Work to complete: Restate only the tail of the data below, starting at the line that contains "#8610 = VECTOR ( 'NONE', #8383, 39.37008 ) ;" and including the last line, word for word.

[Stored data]

◆ ◆ ◆ ◆ ◆ ◆ ◆

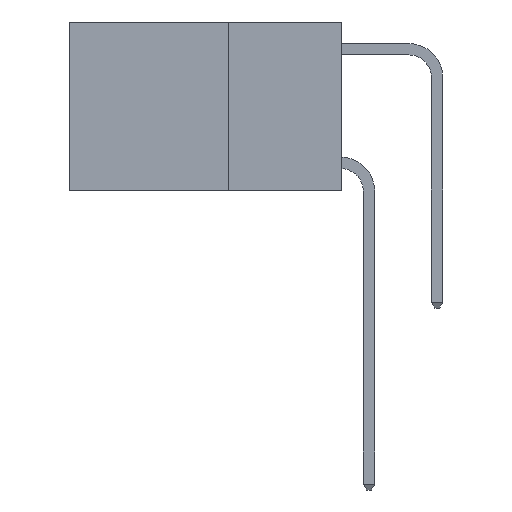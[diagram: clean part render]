
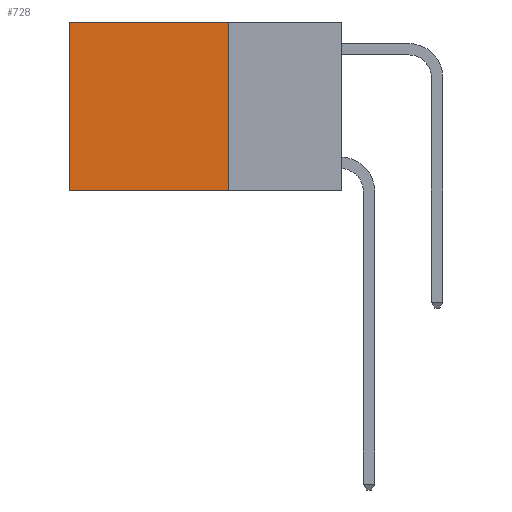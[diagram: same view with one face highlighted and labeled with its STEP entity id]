
A CAD part, left-side view. The second image highlights one B-rep face of the part: STEP entity #728.
In plain terms, the highlighted planar face has unit normal (-1, 0, 0).
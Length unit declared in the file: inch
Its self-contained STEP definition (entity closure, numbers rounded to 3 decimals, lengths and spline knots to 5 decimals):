
#27 = CARTESIAN_POINT ( 'NONE',  ( 0.2625, 0.25, 0. ) ) ;
#114 = ORIENTED_EDGE ( 'NONE', *, *, #11637, .T. ) ;
#244 = EDGE_CURVE ( 'NONE', #7081, #1127, #1385, .T. ) ;
#728 = ADVANCED_FACE ( 'NONE', ( #2970 ), #2540, .F. ) ;
#1127 = VERTEX_POINT ( 'NONE', #3071 ) ;
#1249 = EDGE_LOOP ( 'NONE', ( #7810, #6931, #10697, #114 ) ) ;
#1385 = LINE ( 'NONE', #6366, #8610 ) ;
#2321 = CARTESIAN_POINT ( 'NONE',  ( 0.2625, 0.6, 0. ) ) ;
#2513 = AXIS2_PLACEMENT_3D ( 'NONE', #11923, #3043, #6001 ) ;
#2540 = PLANE ( 'NONE',  #2513 ) ;
#2658 = VERTEX_POINT ( 'NONE', #9200 ) ;
#2837 = CARTESIAN_POINT ( 'NONE',  ( 0.2625, 0.25, 0. ) ) ;
#2970 = FACE_OUTER_BOUND ( 'NONE', #1249, .T. ) ;
#3043 = DIRECTION ( 'NONE',  ( 1., 0., 0. ) ) ;
#3071 = CARTESIAN_POINT ( 'NONE',  ( 0.2625, 0.6, -0.37 ) ) ;
#3166 = DIRECTION ( 'NONE',  ( 0., 1., 0. ) ) ;
#3352 = VECTOR ( 'NONE', #3166, 39.37008 ) ;
#3511 = LINE ( 'NONE', #2837, #8433 ) ;
#3841 = LINE ( 'NONE', #9962, #6002 ) ;
#3950 = LINE ( 'NONE', #27, #3352 ) ;
#4072 = EDGE_CURVE ( 'NONE', #5567, #1127, #3841, .T. ) ;
#5567 = VERTEX_POINT ( 'NONE', #2321 ) ;
#5642 = DIRECTION ( 'NONE',  ( 0., 0., -1. ) ) ;
#5984 = EDGE_CURVE ( 'NONE', #2658, #7081, #3511, .T. ) ;
#6001 = DIRECTION ( 'NONE',  ( 0., 0., -1. ) ) ;
#6002 = VECTOR ( 'NONE', #9028, 39.37008 ) ;
#6366 = CARTESIAN_POINT ( 'NONE',  ( 0.2625, 0.25, -0.37 ) ) ;
#6931 = ORIENTED_EDGE ( 'NONE', *, *, #244, .F. ) ;
#7081 = VERTEX_POINT ( 'NONE', #11358 ) ;
#7810 = ORIENTED_EDGE ( 'NONE', *, *, #4072, .T. ) ;
#8383 = DIRECTION ( 'NONE',  ( 0., 1., 0. ) ) ;
#8433 = VECTOR ( 'NONE', #5642, 39.37008 ) ;
#8610 = VECTOR ( 'NONE', #8383, 39.37008 ) ;
#9028 = DIRECTION ( 'NONE',  ( 0., 0., -1. ) ) ;
#9200 = CARTESIAN_POINT ( 'NONE',  ( 0.2625, 0.25, 0. ) ) ;
#9962 = CARTESIAN_POINT ( 'NONE',  ( 0.2625, 0.6, 0. ) ) ;
#10697 = ORIENTED_EDGE ( 'NONE', *, *, #5984, .F. ) ;
#11358 = CARTESIAN_POINT ( 'NONE',  ( 0.2625, 0.25, -0.37 ) ) ;
#11637 = EDGE_CURVE ( 'NONE', #2658, #5567, #3950, .T. ) ;
#11923 = CARTESIAN_POINT ( 'NONE',  ( 0.2625, 0.25, 0. ) ) ;

◆ ◆ ◆ ◆ ◆ ◆ ◆

Output of the task:
#8610 = VECTOR ( 'NONE', #8383, 39.37008 ) ;
#9028 = DIRECTION ( 'NONE',  ( 0., 0., -1. ) ) ;
#9200 = CARTESIAN_POINT ( 'NONE',  ( 0.2625, 0.25, 0. ) ) ;
#9962 = CARTESIAN_POINT ( 'NONE',  ( 0.2625, 0.6, 0. ) ) ;
#10697 = ORIENTED_EDGE ( 'NONE', *, *, #5984, .F. ) ;
#11358 = CARTESIAN_POINT ( 'NONE',  ( 0.2625, 0.25, -0.37 ) ) ;
#11637 = EDGE_CURVE ( 'NONE', #2658, #5567, #3950, .T. ) ;
#11923 = CARTESIAN_POINT ( 'NONE',  ( 0.2625, 0.25, 0. ) ) ;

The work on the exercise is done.